Both Tom and Denise are delightfully dorky when they are anxious, therefore, there is much to love about the two parallel storylines on this episode. Additionally, guest stars Kim Coles and Gary Anthony Williams bring a whole lot of quirky humor as Denise’s parents, retired dentists, and Jimmy Buffet enthusiasts, Tamara and Jay.

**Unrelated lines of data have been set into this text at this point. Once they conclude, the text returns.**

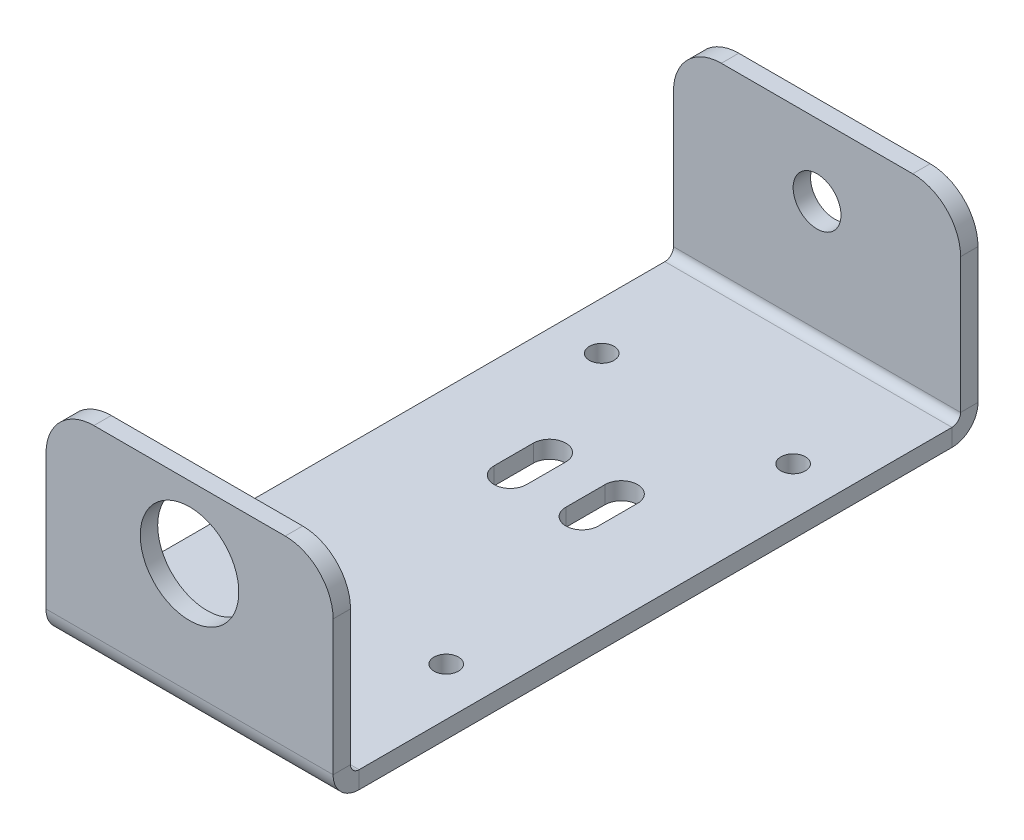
ISO-10303-21;
HEADER;
FILE_DESCRIPTION(('STEP AP214'),'2;1');
FILE_NAME('part.step','',(''),(''),'','','');
FILE_SCHEMA(('AUTOMOTIVE_DESIGN { 1 0 10303 214 1 1 1 1 }'));
ENDSEC;
DATA;
#1=APPLICATION_CONTEXT('core data for automotive mechanical design processes');
#2=APPLICATION_PROTOCOL_DEFINITION('international standard','automotive_design',2000,#1);
#3=PRODUCT_CONTEXT('',#1,'mechanical');
#4=PRODUCT('Part','Part','',(#3));
#5=PRODUCT_RELATED_PRODUCT_CATEGORY('part','',(#4));
#6=PRODUCT_DEFINITION_FORMATION('','',#4);
#7=PRODUCT_DEFINITION_CONTEXT('part definition',#1,'design');
#8=PRODUCT_DEFINITION('design','',#6,#7);
#9=PRODUCT_DEFINITION_SHAPE('','',#8);
#10=(LENGTH_UNIT() NAMED_UNIT(*) SI_UNIT(.MILLI.,.METRE.));
#11=(NAMED_UNIT(*) PLANE_ANGLE_UNIT() SI_UNIT($,.RADIAN.));
#12=(NAMED_UNIT(*) SI_UNIT($,.STERADIAN.) SOLID_ANGLE_UNIT());
#13=UNCERTAINTY_MEASURE_WITH_UNIT(LENGTH_MEASURE(1.E-05),#10,'distance_accuracy_value','');
#14=(GEOMETRIC_REPRESENTATION_CONTEXT(3) GLOBAL_UNCERTAINTY_ASSIGNED_CONTEXT((#13)) GLOBAL_UNIT_ASSIGNED_CONTEXT((#10,
#11,#12)) REPRESENTATION_CONTEXT('',''));
#15=CARTESIAN_POINT('',(0.,0.,0.));
#16=DIRECTION('',(0.,0.,1.));
#17=DIRECTION('',(1.,0.,0.));
#18=AXIS2_PLACEMENT_3D('',#15,#16,#17);
#19=CARTESIAN_POINT('',(19.05,1.143,-80.9625));
#20=DIRECTION('',(1.,0.,0.));
#21=DIRECTION('',(0.,0.,-1.));
#22=AXIS2_PLACEMENT_3D('',#19,#20,#21);
#23=PLANE('',#22);
#24=DIRECTION('',(0.,0.,-1.));
#25=VECTOR('',#24,1.);
#26=CARTESIAN_POINT('',(19.05,1.143,-80.9625));
#27=LINE('',#26,#25);
#28=CARTESIAN_POINT('',(19.05,1.143,-80.9625));
#29=VERTEX_POINT('',#28);
#30=CARTESIAN_POINT('',(19.05,1.143,-83.2739));
#31=VERTEX_POINT('',#30);
#32=EDGE_CURVE('E388',#29,#31,#27,.T.);
#33=ORIENTED_EDGE('',*,*,#32,.F.);
#34=CARTESIAN_POINT('',(19.05,1.143,-79.8195));
#35=DIRECTION('',(1.,0.,0.));
#36=DIRECTION('',(0.,0.,-1.));
#37=AXIS2_PLACEMENT_3D('',#34,#35,#36);
#38=CIRCLE('',#37,1.143);
#39=CARTESIAN_POINT('',(19.05,0.,-79.8195));
#40=VERTEX_POINT('',#39);
#41=EDGE_CURVE('E302',#29,#40,#38,.F.);
#42=ORIENTED_EDGE('',*,*,#41,.T.);
#43=DIRECTION('',(0.,1.,0.));
#44=VECTOR('',#43,1.);
#45=CARTESIAN_POINT('',(19.05,-2.3114,-79.8195));
#46=LINE('',#45,#44);
#47=CARTESIAN_POINT('',(19.05,-2.3114,-79.8195));
#48=VERTEX_POINT('',#47);
#49=EDGE_CURVE('E386',#48,#40,#46,.T.);
#50=ORIENTED_EDGE('',*,*,#49,.F.);
#51=CARTESIAN_POINT('',(19.05,1.143,-79.8195));
#52=DIRECTION('',(1.,0.,0.));
#53=DIRECTION('',(0.,0.,-1.));
#54=AXIS2_PLACEMENT_3D('',#51,#52,#53);
#55=CIRCLE('',#54,3.4544);
#56=EDGE_CURVE('E295',#31,#48,#55,.F.);
#57=ORIENTED_EDGE('',*,*,#56,.F.);
#58=EDGE_LOOP('',(#33,#42,#50,#57));
#59=FACE_BOUND('',#58,.T.);
#60=ADVANCED_FACE('F37',(#59),#23,.T.);
#61=CARTESIAN_POINT('',(19.05,-2.3114,-79.8195));
#62=DIRECTION('',(1.,0.,0.));
#63=DIRECTION('',(0.,0.,-1.));
#64=AXIS2_PLACEMENT_3D('',#61,#62,#63);
#65=PLANE('',#64);
#66=DIRECTION('',(0.,1.,0.));
#67=VECTOR('',#66,1.);
#68=CARTESIAN_POINT('',(19.05,0.,-83.2739));
#69=LINE('',#68,#67);
#70=CARTESIAN_POINT('',(19.05,19.05,-83.2739));
#71=VERTEX_POINT('',#70);
#72=EDGE_CURVE('E298',#71,#31,#69,.F.);
#73=ORIENTED_EDGE('',*,*,#72,.F.);
#74=DIRECTION('',(0.,0.,-1.));
#75=VECTOR('',#74,1.);
#76=CARTESIAN_POINT('',(19.05,19.05,-79.8195));
#77=LINE('',#76,#75);
#78=CARTESIAN_POINT('',(19.05,19.05,-80.9625));
#79=VERTEX_POINT('',#78);
#80=EDGE_CURVE('E400',#71,#79,#77,.F.);
#81=ORIENTED_EDGE('',*,*,#80,.T.);
#82=DIRECTION('',(0.,-1.,0.));
#83=VECTOR('',#82,1.);
#84=CARTESIAN_POINT('',(19.05,0.,-80.9625));
#85=LINE('',#84,#83);
#86=EDGE_CURVE('E300',#79,#29,#85,.T.);
#87=ORIENTED_EDGE('',*,*,#86,.T.);
#88=ORIENTED_EDGE('',*,*,#32,.T.);
#89=EDGE_LOOP('',(#73,#81,#87,#88));
#90=FACE_BOUND('',#89,.T.);
#91=ADVANCED_FACE('F507',(#90),#65,.T.);
#92=CARTESIAN_POINT('',(-19.05,0.,-79.8195));
#93=DIRECTION('',(-1.,0.,0.));
#94=DIRECTION('',(0.,0.,1.));
#95=AXIS2_PLACEMENT_3D('',#92,#93,#94);
#96=PLANE('',#95);
#97=DIRECTION('',(0.,-1.,0.));
#98=VECTOR('',#97,1.);
#99=CARTESIAN_POINT('',(-19.05,0.,-79.8195));
#100=LINE('',#99,#98);
#101=CARTESIAN_POINT('',(-19.05,0.,-79.8195));
#102=VERTEX_POINT('',#101);
#103=CARTESIAN_POINT('',(-19.05,-2.3114,-79.8195));
#104=VERTEX_POINT('',#103);
#105=EDGE_CURVE('E384',#102,#104,#100,.T.);
#106=ORIENTED_EDGE('',*,*,#105,.F.);
#107=CARTESIAN_POINT('',(-19.05,1.143,-79.8195));
#108=DIRECTION('',(1.,0.,0.));
#109=DIRECTION('',(0.,0.,-1.));
#110=AXIS2_PLACEMENT_3D('',#107,#108,#109);
#111=CIRCLE('',#110,1.143);
#112=CARTESIAN_POINT('',(-19.05,1.143,-80.9625));
#113=VERTEX_POINT('',#112);
#114=EDGE_CURVE('E330',#113,#102,#111,.F.);
#115=ORIENTED_EDGE('',*,*,#114,.F.);
#116=DIRECTION('',(0.,0.,1.));
#117=VECTOR('',#116,1.);
#118=CARTESIAN_POINT('',(-19.05,1.143,-83.2739));
#119=LINE('',#118,#117);
#120=CARTESIAN_POINT('',(-19.05,1.143,-83.2739));
#121=VERTEX_POINT('',#120);
#122=EDGE_CURVE('E381',#121,#113,#119,.T.);
#123=ORIENTED_EDGE('',*,*,#122,.F.);
#124=CARTESIAN_POINT('',(-19.05,1.143,-79.8195));
#125=DIRECTION('',(1.,0.,0.));
#126=DIRECTION('',(0.,0.,-1.));
#127=AXIS2_PLACEMENT_3D('',#124,#125,#126);
#128=CIRCLE('',#127,3.4544);
#129=EDGE_CURVE('E323',#121,#104,#128,.F.);
#130=ORIENTED_EDGE('',*,*,#129,.T.);
#131=EDGE_LOOP('',(#106,#115,#123,#130));
#132=FACE_BOUND('',#131,.T.);
#133=ADVANCED_FACE('F473',(#132),#96,.T.);
#134=CARTESIAN_POINT('',(-19.05,1.143,-83.2739));
#135=DIRECTION('',(-1.,0.,0.));
#136=DIRECTION('',(0.,0.,1.));
#137=AXIS2_PLACEMENT_3D('',#134,#135,#136);
#138=PLANE('',#137);
#139=DIRECTION('',(0.,0.,1.));
#140=VECTOR('',#139,1.);
#141=CARTESIAN_POINT('',(-19.05,0.,0.));
#142=LINE('',#141,#140);
#143=CARTESIAN_POINT('',(-19.05,0.,-1.143));
#144=VERTEX_POINT('',#143);
#145=EDGE_CURVE('E333',#102,#144,#142,.T.);
#146=ORIENTED_EDGE('',*,*,#145,.F.);
#147=ORIENTED_EDGE('',*,*,#105,.T.);
#148=DIRECTION('',(0.,0.,-1.));
#149=VECTOR('',#148,1.);
#150=CARTESIAN_POINT('',(-19.05,-2.3114,0.));
#151=LINE('',#150,#149);
#152=CARTESIAN_POINT('',(-19.05,-2.3114,-1.143));
#153=VERTEX_POINT('',#152);
#154=EDGE_CURVE('E320',#104,#153,#151,.F.);
#155=ORIENTED_EDGE('',*,*,#154,.T.);
#156=DIRECTION('',(0.,1.,0.));
#157=VECTOR('',#156,1.);
#158=CARTESIAN_POINT('',(-19.05,-2.3114,-1.143));
#159=LINE('',#158,#157);
#160=EDGE_CURVE('E373',#153,#144,#159,.T.);
#161=ORIENTED_EDGE('',*,*,#160,.T.);
#162=EDGE_LOOP('',(#146,#147,#155,#161));
#163=FACE_BOUND('',#162,.T.);
#164=ADVANCED_FACE('F466',(#163),#138,.T.);
#165=CARTESIAN_POINT('',(19.05,0.,-1.143));
#166=DIRECTION('',(1.,0.,0.));
#167=DIRECTION('',(0.,0.,-1.));
#168=AXIS2_PLACEMENT_3D('',#165,#166,#167);
#169=PLANE('',#168);
#170=DIRECTION('',(0.,-1.,0.));
#171=VECTOR('',#170,1.);
#172=CARTESIAN_POINT('',(19.05,0.,-1.143));
#173=LINE('',#172,#171);
#174=CARTESIAN_POINT('',(19.05,0.,-1.143));
#175=VERTEX_POINT('',#174);
#176=CARTESIAN_POINT('',(19.05,-2.3114,-1.143));
#177=VERTEX_POINT('',#176);
#178=EDGE_CURVE('E379',#175,#177,#173,.T.);
#179=ORIENTED_EDGE('',*,*,#178,.F.);
#180=CARTESIAN_POINT('',(19.05,1.143,-1.143));
#181=DIRECTION('',(1.,0.,0.));
#182=DIRECTION('',(0.,0.,-1.));
#183=AXIS2_PLACEMENT_3D('',#180,#181,#182);
#184=CIRCLE('',#183,1.143);
#185=CARTESIAN_POINT('',(19.05,1.143,0.));
#186=VERTEX_POINT('',#185);
#187=EDGE_CURVE('E308',#175,#186,#184,.F.);
#188=ORIENTED_EDGE('',*,*,#187,.T.);
#189=DIRECTION('',(0.,0.,-1.));
#190=VECTOR('',#189,1.);
#191=CARTESIAN_POINT('',(19.05,1.143,2.3114));
#192=LINE('',#191,#190);
#193=CARTESIAN_POINT('',(19.05,1.143,2.3114));
#194=VERTEX_POINT('',#193);
#195=EDGE_CURVE('E377',#194,#186,#192,.T.);
#196=ORIENTED_EDGE('',*,*,#195,.F.);
#197=CARTESIAN_POINT('',(19.05,1.143,-1.143));
#198=DIRECTION('',(1.,0.,0.));
#199=DIRECTION('',(0.,0.,-1.));
#200=AXIS2_PLACEMENT_3D('',#197,#198,#199);
#201=CIRCLE('',#200,3.4544);
#202=EDGE_CURVE('E289',#177,#194,#201,.F.);
#203=ORIENTED_EDGE('',*,*,#202,.F.);
#204=EDGE_LOOP('',(#179,#188,#196,#203));
#205=FACE_BOUND('',#204,.T.);
#206=ADVANCED_FACE('F452',(#205),#169,.T.);
#207=CARTESIAN_POINT('',(19.05,1.143,2.3114));
#208=DIRECTION('',(1.,0.,0.));
#209=DIRECTION('',(0.,0.,-1.));
#210=AXIS2_PLACEMENT_3D('',#207,#208,#209);
#211=PLANE('',#210);
#212=DIRECTION('',(0.,0.,1.));
#213=VECTOR('',#212,1.);
#214=CARTESIAN_POINT('',(19.05,0.,0.));
#215=LINE('',#214,#213);
#216=EDGE_CURVE('E305',#40,#175,#215,.T.);
#217=ORIENTED_EDGE('',*,*,#216,.T.);
#218=ORIENTED_EDGE('',*,*,#178,.T.);
#219=DIRECTION('',(0.,0.,-1.));
#220=VECTOR('',#219,1.);
#221=CARTESIAN_POINT('',(19.05,-2.3114,0.));
#222=LINE('',#221,#220);
#223=EDGE_CURVE('E292',#48,#177,#222,.F.);
#224=ORIENTED_EDGE('',*,*,#223,.F.);
#225=ORIENTED_EDGE('',*,*,#49,.T.);
#226=EDGE_LOOP('',(#217,#218,#224,#225));
#227=FACE_BOUND('',#226,.T.);
#228=ADVANCED_FACE('F485',(#227),#211,.T.);
#229=CARTESIAN_POINT('',(-19.05,1.143,0.));
#230=DIRECTION('',(-1.,0.,0.));
#231=DIRECTION('',(0.,0.,1.));
#232=AXIS2_PLACEMENT_3D('',#229,#230,#231);
#233=PLANE('',#232);
#234=DIRECTION('',(0.,0.,1.));
#235=VECTOR('',#234,1.);
#236=CARTESIAN_POINT('',(-19.05,1.143,0.));
#237=LINE('',#236,#235);
#238=CARTESIAN_POINT('',(-19.05,1.143,0.));
#239=VERTEX_POINT('',#238);
#240=CARTESIAN_POINT('',(-19.05,1.143,2.3114));
#241=VERTEX_POINT('',#240);
#242=EDGE_CURVE('E375',#239,#241,#237,.T.);
#243=ORIENTED_EDGE('',*,*,#242,.F.);
#244=CARTESIAN_POINT('',(-19.05,1.143,-1.143));
#245=DIRECTION('',(1.,0.,0.));
#246=DIRECTION('',(0.,0.,-1.));
#247=AXIS2_PLACEMENT_3D('',#244,#245,#246);
#248=CIRCLE('',#247,1.143);
#249=EDGE_CURVE('E286',#144,#239,#248,.F.);
#250=ORIENTED_EDGE('',*,*,#249,.F.);
#251=ORIENTED_EDGE('',*,*,#160,.F.);
#252=CARTESIAN_POINT('',(-19.05,1.143,-1.143));
#253=DIRECTION('',(1.,0.,0.));
#254=DIRECTION('',(0.,0.,-1.));
#255=AXIS2_PLACEMENT_3D('',#252,#253,#254);
#256=CIRCLE('',#255,3.4544);
#257=EDGE_CURVE('E317',#153,#241,#256,.F.);
#258=ORIENTED_EDGE('',*,*,#257,.T.);
#259=EDGE_LOOP('',(#243,#250,#251,#258));
#260=FACE_BOUND('',#259,.T.);
#261=ADVANCED_FACE('F458',(#260),#233,.T.);
#262=CARTESIAN_POINT('',(-19.05,-2.3114,-1.143));
#263=DIRECTION('',(-1.,0.,0.));
#264=DIRECTION('',(0.,0.,1.));
#265=AXIS2_PLACEMENT_3D('',#262,#263,#264);
#266=PLANE('',#265);
#267=DIRECTION('',(0.,1.,0.));
#268=VECTOR('',#267,1.);
#269=CARTESIAN_POINT('',(-19.05,0.,2.3114));
#270=LINE('',#269,#268);
#271=CARTESIAN_POINT('',(-19.05,19.05,2.3114));
#272=VERTEX_POINT('',#271);
#273=EDGE_CURVE('E314',#241,#272,#270,.T.);
#274=ORIENTED_EDGE('',*,*,#273,.T.);
#275=DIRECTION('',(0.,0.,-1.));
#276=VECTOR('',#275,1.);
#277=CARTESIAN_POINT('',(-19.05,19.05,-1.143));
#278=LINE('',#277,#276);
#279=CARTESIAN_POINT('',(-19.05,19.05,0.));
#280=VERTEX_POINT('',#279);
#281=EDGE_CURVE('E409',#272,#280,#278,.T.);
#282=ORIENTED_EDGE('',*,*,#281,.T.);
#283=DIRECTION('',(0.,1.,0.));
#284=VECTOR('',#283,1.);
#285=CARTESIAN_POINT('',(-19.05,0.,0.));
#286=LINE('',#285,#284);
#287=EDGE_CURVE('E279',#239,#280,#286,.T.);
#288=ORIENTED_EDGE('',*,*,#287,.F.);
#289=ORIENTED_EDGE('',*,*,#242,.T.);
#290=EDGE_LOOP('',(#274,#282,#288,#289));
#291=FACE_BOUND('',#290,.T.);
#292=ADVANCED_FACE('F432',(#291),#266,.T.);
#293=CARTESIAN_POINT('',(19.05,0.,0.));
#294=DIRECTION('',(0.,0.,1.));
#295=DIRECTION('',(1.,0.,0.));
#296=AXIS2_PLACEMENT_3D('',#293,#294,#295);
#297=PLANE('',#296);
#298=CARTESIAN_POINT('',(0.,15.875,0.));
#299=DIRECTION('',(0.,0.,-1.));
#300=DIRECTION('',(-1.,0.,0.));
#301=AXIS2_PLACEMENT_3D('',#298,#299,#300);
#302=CIRCLE('',#301,6.5405);
#303=CARTESIAN_POINT('',(-6.5405,15.875,0.));
#304=VERTEX_POINT('',#303);
#305=EDGE_CURVE('E263',#304,#304,#302,.T.);
#306=ORIENTED_EDGE('',*,*,#305,.F.);
#307=EDGE_LOOP('',(#306));
#308=FACE_BOUND('',#307,.T.);
#309=ORIENTED_EDGE('',*,*,#287,.T.);
#310=CARTESIAN_POINT('',(-12.7,19.05,0.));
#311=DIRECTION('',(0.,0.,1.));
#312=DIRECTION('',(1.,0.,0.));
#313=AXIS2_PLACEMENT_3D('',#310,#311,#312);
#314=CIRCLE('',#313,6.35);
#315=CARTESIAN_POINT('',(-12.7,25.4,0.));
#316=VERTEX_POINT('',#315);
#317=EDGE_CURVE('E414',#280,#316,#314,.F.);
#318=ORIENTED_EDGE('',*,*,#317,.T.);
#319=DIRECTION('',(-1.,0.,0.));
#320=VECTOR('',#319,1.);
#321=CARTESIAN_POINT('',(19.05,25.4,0.));
#322=LINE('',#321,#320);
#323=CARTESIAN_POINT('',(12.7,25.4,0.));
#324=VERTEX_POINT('',#323);
#325=EDGE_CURVE('E370',#324,#316,#322,.T.);
#326=ORIENTED_EDGE('',*,*,#325,.F.);
#327=CARTESIAN_POINT('',(12.7,19.05,0.));
#328=DIRECTION('',(0.,0.,1.));
#329=DIRECTION('',(1.,0.,0.));
#330=AXIS2_PLACEMENT_3D('',#327,#328,#329);
#331=CIRCLE('',#330,6.35);
#332=CARTESIAN_POINT('',(19.05,19.05,0.));
#333=VERTEX_POINT('',#332);
#334=EDGE_CURVE('E412',#324,#333,#331,.F.);
#335=ORIENTED_EDGE('',*,*,#334,.T.);
#336=DIRECTION('',(0.,1.,0.));
#337=VECTOR('',#336,1.);
#338=CARTESIAN_POINT('',(19.05,0.,0.));
#339=LINE('',#338,#337);
#340=EDGE_CURVE('E282',#186,#333,#339,.T.);
#341=ORIENTED_EDGE('',*,*,#340,.F.);
#342=DIRECTION('',(-1.,0.,0.));
#343=VECTOR('',#342,1.);
#344=CARTESIAN_POINT('',(19.05,1.143,0.));
#345=LINE('',#344,#343);
#346=EDGE_CURVE('E311',#186,#239,#345,.T.);
#347=ORIENTED_EDGE('',*,*,#346,.T.);
#348=EDGE_LOOP('',(#309,#318,#326,#335,#341,#347));
#349=FACE_BOUND('',#348,.T.);
#350=ADVANCED_FACE('F437',(#308,#349),#297,.F.);
#351=CARTESIAN_POINT('',(19.05,25.4,2.3114));
#352=DIRECTION('',(0.,1.,0.));
#353=DIRECTION('',(0.,0.,1.));
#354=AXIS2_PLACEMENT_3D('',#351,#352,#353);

It’s the first we see of the couple and they are not at all the bickering duo Denise had described them to be. However, her anxiety has already rubbed off on the audience leading up to their arrival. With the help of Tom’s generally anxious vibes intensified, we can experience this apparent shift in their relationship as jarring or, at the very least, curious.
I love to feel visceral emotions (even negative ones) through storytelling, and that doesn’t happen quite so often with sitcoms. On this episode of Home Economics, I can be stressed out and entertained, simultaneously. And since being stressed out is a natural state of being for me, I rather appreciate this.
Marina: You managed 11 hours of happiness before you started to worry.
Tom: I’m not worried. I’m — oh, my god. Oh, my god, what if I’m worried?
This is me when I worry that I’m forgetting to worry about something. Tom and I are a rare breed. I actually had to watch the scene with the money on the bed twice to get the dialogue because I was so distracted by the second-hand repulsion I was feeling. “I think we need to burn the sheets.”
Yes, burn them immediately.

Tom’s storyline contains not only fun, relatable anxiety but a sweet, heart-warming conclusion as well. Tom finding that his happiness is being able to make his wife happy is the most perfect use of his book money.
It’s also good that he got rid of that health-hazard hot tub — it will do wonders for his mental well-being.
Marina: I don’t know if I could let you do that for me.
Tom: Oh, well, this isn’t for you. This is for me. Yeah, this is totally selfish.
His selfishness is as charming as his anxiousness.
Denise’s rollercoaster with her parents gives us some nice background on the character. It adds interesting context to her ability to mediate and diffuse arguments—she’s been doing it her entire life. And more so since she married into the Hayworth family.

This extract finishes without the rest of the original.